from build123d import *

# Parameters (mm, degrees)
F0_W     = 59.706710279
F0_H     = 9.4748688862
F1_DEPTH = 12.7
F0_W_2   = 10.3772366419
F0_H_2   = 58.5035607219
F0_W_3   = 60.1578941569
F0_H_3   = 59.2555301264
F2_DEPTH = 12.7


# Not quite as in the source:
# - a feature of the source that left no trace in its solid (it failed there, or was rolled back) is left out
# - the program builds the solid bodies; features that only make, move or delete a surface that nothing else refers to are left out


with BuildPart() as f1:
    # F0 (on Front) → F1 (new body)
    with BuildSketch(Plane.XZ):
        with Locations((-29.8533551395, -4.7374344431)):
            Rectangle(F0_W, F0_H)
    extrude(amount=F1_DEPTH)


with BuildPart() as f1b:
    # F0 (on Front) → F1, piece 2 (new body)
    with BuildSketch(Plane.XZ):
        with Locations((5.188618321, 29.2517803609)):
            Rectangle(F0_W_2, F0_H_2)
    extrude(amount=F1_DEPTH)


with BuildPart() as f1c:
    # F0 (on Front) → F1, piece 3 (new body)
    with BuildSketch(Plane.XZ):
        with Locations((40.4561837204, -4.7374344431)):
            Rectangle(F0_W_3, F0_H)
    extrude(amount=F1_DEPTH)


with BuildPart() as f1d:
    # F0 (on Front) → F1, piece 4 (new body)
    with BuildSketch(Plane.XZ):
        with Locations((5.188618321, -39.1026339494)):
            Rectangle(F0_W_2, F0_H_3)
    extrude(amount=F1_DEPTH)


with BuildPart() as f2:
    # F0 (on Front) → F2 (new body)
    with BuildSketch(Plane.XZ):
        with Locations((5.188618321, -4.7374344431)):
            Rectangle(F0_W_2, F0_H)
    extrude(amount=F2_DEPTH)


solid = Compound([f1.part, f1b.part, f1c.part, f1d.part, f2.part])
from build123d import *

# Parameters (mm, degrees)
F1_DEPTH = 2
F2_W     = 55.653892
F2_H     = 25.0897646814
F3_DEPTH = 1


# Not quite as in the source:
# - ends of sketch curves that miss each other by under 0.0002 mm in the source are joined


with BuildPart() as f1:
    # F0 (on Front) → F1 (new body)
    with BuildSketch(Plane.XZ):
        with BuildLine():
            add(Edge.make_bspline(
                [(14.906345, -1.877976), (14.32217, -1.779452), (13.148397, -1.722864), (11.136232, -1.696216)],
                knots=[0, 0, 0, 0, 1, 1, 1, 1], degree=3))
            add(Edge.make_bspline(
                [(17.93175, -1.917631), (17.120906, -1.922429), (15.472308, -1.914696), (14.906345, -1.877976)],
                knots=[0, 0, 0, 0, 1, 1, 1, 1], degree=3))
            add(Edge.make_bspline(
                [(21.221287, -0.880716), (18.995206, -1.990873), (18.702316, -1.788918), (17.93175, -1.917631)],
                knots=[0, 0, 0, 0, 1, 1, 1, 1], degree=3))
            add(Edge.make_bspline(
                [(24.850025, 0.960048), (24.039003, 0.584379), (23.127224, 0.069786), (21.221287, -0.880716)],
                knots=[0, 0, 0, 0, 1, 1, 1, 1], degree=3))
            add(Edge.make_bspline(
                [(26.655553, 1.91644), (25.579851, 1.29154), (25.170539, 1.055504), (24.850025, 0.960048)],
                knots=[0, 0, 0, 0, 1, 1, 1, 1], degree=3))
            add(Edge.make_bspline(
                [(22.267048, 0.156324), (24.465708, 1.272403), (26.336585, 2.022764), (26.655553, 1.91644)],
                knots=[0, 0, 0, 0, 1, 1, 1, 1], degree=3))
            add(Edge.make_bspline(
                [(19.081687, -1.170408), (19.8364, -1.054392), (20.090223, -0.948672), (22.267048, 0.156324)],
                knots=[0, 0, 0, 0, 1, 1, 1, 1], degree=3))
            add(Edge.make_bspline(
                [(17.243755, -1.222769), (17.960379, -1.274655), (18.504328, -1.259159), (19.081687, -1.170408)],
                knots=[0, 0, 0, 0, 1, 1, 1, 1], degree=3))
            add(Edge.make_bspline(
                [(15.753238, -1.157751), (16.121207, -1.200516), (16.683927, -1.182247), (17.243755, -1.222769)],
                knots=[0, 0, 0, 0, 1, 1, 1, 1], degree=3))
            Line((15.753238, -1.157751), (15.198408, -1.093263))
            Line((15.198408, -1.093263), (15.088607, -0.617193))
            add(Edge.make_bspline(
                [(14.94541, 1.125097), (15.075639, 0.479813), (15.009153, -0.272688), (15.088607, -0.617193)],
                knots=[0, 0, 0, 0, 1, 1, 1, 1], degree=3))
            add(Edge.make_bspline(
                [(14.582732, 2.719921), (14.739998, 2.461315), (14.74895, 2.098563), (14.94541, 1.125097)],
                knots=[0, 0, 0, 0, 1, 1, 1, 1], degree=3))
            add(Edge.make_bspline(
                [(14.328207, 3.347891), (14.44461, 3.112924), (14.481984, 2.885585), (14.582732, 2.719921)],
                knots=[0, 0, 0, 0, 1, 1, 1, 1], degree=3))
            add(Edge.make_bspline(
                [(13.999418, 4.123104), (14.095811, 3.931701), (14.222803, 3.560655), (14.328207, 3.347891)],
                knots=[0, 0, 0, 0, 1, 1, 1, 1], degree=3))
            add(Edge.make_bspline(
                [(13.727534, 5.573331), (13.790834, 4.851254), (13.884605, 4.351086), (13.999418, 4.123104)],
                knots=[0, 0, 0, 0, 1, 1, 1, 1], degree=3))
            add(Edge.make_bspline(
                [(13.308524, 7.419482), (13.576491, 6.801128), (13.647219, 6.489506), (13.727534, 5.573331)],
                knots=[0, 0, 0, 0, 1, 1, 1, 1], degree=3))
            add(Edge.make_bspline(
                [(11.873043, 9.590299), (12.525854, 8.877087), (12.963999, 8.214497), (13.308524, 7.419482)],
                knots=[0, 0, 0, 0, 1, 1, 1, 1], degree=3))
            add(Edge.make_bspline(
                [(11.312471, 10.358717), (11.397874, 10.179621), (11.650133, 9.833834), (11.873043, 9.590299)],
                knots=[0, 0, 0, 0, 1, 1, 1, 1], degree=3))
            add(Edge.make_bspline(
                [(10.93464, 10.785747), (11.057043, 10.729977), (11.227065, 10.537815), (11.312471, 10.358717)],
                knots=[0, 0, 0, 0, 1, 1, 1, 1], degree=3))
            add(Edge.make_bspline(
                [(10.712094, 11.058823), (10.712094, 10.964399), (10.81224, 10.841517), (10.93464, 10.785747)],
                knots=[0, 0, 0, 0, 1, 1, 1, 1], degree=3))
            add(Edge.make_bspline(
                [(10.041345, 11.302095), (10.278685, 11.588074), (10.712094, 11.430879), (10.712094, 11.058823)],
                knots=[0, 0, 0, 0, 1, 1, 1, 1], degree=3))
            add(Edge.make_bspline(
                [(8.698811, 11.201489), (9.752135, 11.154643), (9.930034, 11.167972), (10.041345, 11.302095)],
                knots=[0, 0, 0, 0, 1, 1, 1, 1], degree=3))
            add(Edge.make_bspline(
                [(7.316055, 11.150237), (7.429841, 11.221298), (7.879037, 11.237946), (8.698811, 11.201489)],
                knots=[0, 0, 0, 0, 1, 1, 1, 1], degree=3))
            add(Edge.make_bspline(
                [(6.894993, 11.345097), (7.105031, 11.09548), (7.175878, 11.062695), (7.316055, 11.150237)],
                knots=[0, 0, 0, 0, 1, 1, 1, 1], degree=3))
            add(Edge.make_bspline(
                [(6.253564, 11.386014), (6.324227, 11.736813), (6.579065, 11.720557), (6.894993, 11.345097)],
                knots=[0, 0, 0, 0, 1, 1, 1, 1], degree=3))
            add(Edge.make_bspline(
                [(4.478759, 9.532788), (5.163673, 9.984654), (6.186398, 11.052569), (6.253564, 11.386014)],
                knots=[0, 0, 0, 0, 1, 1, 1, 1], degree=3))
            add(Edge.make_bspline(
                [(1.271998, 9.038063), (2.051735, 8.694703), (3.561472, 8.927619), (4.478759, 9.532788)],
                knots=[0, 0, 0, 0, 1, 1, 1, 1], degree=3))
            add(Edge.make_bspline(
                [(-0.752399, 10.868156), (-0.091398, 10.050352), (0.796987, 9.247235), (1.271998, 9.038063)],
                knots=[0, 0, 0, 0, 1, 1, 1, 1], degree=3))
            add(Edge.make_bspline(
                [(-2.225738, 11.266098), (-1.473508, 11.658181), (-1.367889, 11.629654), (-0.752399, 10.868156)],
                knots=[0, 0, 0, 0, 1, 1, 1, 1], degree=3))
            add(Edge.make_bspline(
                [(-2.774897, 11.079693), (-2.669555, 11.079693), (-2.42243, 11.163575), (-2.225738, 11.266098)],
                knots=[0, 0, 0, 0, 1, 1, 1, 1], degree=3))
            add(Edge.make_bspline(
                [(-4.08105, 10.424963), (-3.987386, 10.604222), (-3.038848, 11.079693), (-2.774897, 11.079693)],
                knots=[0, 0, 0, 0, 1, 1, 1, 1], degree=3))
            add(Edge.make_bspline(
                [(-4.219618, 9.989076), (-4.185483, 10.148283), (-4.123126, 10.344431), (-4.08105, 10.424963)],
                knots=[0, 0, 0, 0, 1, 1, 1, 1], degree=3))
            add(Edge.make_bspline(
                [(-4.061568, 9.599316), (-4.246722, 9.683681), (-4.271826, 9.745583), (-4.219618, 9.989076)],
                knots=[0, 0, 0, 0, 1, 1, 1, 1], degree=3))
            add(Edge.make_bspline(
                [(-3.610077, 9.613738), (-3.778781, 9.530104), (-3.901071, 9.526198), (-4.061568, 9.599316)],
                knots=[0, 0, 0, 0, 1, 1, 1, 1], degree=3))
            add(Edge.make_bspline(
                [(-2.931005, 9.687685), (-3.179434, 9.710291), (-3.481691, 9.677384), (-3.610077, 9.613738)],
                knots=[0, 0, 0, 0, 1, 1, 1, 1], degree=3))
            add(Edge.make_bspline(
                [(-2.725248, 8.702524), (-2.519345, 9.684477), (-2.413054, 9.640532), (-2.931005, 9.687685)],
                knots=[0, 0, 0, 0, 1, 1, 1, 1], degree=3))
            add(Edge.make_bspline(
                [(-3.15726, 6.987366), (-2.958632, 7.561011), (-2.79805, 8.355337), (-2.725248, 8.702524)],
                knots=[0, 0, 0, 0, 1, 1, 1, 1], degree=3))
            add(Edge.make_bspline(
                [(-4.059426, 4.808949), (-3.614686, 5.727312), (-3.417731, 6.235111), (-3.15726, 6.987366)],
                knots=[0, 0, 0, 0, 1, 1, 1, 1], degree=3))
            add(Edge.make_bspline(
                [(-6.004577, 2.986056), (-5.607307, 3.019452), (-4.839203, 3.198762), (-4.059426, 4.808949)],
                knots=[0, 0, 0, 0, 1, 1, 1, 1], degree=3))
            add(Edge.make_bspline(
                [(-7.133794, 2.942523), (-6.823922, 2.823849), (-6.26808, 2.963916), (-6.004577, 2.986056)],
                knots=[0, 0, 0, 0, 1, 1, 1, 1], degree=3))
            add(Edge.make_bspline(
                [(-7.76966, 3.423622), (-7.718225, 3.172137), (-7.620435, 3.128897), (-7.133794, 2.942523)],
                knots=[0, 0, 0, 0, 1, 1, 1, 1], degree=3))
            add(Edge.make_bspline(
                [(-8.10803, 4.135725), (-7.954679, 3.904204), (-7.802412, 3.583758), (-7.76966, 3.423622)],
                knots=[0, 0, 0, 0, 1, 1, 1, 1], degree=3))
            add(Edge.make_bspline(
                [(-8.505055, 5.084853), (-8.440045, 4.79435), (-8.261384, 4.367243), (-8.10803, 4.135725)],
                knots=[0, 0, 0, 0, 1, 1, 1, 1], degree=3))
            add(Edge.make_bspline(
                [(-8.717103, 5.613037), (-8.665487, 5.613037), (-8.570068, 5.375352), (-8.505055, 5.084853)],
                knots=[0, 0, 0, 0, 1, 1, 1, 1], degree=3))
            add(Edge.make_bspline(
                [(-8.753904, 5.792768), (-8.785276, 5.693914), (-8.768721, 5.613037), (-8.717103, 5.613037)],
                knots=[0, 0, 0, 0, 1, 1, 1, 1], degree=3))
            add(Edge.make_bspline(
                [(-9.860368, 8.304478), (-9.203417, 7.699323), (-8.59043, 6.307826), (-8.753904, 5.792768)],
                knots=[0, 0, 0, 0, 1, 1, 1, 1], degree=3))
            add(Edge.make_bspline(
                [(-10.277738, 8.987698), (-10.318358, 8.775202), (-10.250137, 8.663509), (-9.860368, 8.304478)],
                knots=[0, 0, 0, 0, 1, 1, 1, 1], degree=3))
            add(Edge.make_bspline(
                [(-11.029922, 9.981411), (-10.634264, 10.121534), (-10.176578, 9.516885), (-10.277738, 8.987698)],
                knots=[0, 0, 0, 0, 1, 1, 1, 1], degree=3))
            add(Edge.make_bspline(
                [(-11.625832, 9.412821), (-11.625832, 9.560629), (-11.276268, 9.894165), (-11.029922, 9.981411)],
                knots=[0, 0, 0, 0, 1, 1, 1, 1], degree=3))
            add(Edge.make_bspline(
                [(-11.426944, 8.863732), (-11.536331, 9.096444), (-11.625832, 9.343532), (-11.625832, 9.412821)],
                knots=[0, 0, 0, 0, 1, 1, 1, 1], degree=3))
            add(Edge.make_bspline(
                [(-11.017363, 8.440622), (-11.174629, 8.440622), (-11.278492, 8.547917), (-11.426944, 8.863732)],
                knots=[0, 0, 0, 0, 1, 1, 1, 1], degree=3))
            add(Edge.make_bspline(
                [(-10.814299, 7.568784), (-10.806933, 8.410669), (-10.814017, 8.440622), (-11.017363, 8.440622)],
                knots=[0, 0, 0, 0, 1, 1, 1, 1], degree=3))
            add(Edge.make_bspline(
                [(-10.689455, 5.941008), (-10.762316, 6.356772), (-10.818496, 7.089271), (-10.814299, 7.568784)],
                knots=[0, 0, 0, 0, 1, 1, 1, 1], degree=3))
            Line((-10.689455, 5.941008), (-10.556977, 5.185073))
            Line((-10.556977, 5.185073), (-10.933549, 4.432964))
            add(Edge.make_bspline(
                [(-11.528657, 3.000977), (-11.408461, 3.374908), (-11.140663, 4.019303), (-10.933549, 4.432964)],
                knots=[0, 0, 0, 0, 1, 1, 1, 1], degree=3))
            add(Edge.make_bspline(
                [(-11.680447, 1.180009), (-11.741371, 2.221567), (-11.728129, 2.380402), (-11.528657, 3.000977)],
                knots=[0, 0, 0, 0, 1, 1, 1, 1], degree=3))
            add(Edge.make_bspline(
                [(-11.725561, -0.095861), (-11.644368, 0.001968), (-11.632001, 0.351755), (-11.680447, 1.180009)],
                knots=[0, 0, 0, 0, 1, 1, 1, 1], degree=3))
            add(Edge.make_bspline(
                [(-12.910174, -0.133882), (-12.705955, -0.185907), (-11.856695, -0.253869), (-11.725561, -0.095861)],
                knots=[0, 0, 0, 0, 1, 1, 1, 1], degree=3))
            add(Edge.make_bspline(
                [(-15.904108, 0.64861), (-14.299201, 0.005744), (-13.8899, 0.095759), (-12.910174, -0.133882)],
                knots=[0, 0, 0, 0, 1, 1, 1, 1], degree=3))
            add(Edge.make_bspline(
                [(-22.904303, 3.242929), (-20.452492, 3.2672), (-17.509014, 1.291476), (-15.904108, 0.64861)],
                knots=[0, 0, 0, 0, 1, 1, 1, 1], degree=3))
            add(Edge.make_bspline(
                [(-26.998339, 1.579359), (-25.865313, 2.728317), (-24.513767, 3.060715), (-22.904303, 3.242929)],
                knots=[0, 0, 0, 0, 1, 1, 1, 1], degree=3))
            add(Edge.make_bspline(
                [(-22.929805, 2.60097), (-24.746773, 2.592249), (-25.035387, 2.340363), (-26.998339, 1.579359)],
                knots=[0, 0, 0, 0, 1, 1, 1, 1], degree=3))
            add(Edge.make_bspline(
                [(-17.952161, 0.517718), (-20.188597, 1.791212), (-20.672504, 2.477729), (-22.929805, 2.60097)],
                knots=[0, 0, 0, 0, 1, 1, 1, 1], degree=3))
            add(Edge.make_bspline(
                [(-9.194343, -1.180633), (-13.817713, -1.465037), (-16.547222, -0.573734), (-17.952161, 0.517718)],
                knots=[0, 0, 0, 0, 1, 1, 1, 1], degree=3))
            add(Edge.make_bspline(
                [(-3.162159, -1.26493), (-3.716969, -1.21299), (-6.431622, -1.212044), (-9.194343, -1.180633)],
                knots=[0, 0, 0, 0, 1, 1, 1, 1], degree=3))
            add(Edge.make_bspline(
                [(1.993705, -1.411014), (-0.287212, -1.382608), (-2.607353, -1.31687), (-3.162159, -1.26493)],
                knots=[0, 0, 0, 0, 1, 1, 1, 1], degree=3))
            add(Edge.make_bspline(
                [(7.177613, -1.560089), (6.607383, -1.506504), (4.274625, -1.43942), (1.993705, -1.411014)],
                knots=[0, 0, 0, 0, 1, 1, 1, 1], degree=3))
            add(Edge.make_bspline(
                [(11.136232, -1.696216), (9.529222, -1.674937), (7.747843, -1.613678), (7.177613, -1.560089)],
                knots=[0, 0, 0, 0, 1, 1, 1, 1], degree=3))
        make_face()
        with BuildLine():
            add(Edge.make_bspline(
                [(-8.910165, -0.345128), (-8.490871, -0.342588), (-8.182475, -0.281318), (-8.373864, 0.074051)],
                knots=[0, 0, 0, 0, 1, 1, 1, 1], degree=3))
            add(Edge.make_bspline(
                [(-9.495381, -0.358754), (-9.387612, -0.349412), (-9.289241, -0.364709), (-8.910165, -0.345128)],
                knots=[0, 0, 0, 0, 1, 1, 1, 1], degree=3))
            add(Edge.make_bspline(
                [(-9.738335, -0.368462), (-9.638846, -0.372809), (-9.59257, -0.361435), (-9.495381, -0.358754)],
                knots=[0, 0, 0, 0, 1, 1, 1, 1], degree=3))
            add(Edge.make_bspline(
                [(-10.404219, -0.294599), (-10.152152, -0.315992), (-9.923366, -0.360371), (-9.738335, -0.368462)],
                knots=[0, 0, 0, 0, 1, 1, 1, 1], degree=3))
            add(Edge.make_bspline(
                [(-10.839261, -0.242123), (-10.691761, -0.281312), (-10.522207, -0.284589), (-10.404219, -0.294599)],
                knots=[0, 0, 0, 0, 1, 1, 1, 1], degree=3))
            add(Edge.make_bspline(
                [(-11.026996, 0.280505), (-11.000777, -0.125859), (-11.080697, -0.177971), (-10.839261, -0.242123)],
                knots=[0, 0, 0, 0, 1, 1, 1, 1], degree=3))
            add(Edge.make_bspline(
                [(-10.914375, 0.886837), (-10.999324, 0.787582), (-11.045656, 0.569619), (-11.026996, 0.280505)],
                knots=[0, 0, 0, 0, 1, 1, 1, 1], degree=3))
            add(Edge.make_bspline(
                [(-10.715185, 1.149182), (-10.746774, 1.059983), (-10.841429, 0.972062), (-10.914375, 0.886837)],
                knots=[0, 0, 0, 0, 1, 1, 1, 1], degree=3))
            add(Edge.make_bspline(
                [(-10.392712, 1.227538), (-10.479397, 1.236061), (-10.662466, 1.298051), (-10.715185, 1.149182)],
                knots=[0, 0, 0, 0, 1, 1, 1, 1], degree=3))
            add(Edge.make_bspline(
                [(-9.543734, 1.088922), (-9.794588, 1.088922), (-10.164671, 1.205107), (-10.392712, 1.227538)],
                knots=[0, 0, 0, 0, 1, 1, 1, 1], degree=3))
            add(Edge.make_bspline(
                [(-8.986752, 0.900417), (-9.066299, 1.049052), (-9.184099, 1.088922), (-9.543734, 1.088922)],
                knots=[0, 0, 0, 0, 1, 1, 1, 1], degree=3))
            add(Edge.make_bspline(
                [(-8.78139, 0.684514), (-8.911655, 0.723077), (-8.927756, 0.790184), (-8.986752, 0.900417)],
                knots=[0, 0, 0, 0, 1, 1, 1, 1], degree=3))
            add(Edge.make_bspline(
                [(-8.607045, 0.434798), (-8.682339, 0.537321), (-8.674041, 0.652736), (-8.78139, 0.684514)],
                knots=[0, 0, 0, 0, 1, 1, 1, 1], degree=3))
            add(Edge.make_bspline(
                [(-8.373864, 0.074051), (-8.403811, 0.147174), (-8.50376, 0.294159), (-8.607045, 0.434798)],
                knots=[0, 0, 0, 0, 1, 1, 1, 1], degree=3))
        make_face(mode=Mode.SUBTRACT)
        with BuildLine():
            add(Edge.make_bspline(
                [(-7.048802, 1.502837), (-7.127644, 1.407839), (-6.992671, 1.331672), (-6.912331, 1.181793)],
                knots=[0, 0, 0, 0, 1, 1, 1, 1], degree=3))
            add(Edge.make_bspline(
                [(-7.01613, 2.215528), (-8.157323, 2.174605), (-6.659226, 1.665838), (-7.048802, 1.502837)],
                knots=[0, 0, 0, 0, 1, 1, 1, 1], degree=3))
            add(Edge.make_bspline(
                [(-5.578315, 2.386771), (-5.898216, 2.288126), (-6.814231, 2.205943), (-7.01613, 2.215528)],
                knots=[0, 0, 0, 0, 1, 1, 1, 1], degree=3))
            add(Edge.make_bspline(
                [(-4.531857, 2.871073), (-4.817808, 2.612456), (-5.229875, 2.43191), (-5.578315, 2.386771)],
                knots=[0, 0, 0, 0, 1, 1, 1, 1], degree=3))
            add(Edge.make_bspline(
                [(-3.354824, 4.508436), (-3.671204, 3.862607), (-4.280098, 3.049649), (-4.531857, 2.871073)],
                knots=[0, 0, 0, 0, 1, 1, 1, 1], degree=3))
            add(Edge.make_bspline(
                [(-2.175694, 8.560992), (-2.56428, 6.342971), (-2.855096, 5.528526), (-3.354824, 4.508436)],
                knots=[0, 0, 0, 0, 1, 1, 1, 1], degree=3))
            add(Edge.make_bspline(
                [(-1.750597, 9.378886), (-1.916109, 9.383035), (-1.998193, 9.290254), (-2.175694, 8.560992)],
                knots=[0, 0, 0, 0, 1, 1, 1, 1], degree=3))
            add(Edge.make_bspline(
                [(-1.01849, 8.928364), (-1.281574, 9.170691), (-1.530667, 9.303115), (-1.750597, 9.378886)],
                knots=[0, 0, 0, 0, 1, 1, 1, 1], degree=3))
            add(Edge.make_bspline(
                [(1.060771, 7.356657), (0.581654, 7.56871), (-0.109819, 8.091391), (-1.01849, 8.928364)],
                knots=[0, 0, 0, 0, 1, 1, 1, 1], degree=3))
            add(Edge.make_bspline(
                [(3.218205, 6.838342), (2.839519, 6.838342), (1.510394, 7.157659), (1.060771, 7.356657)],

**How to complete this task:**
Your reply must consist solely of the number of lines in the data that contain the word "BuildPart".

**Written answer:**
6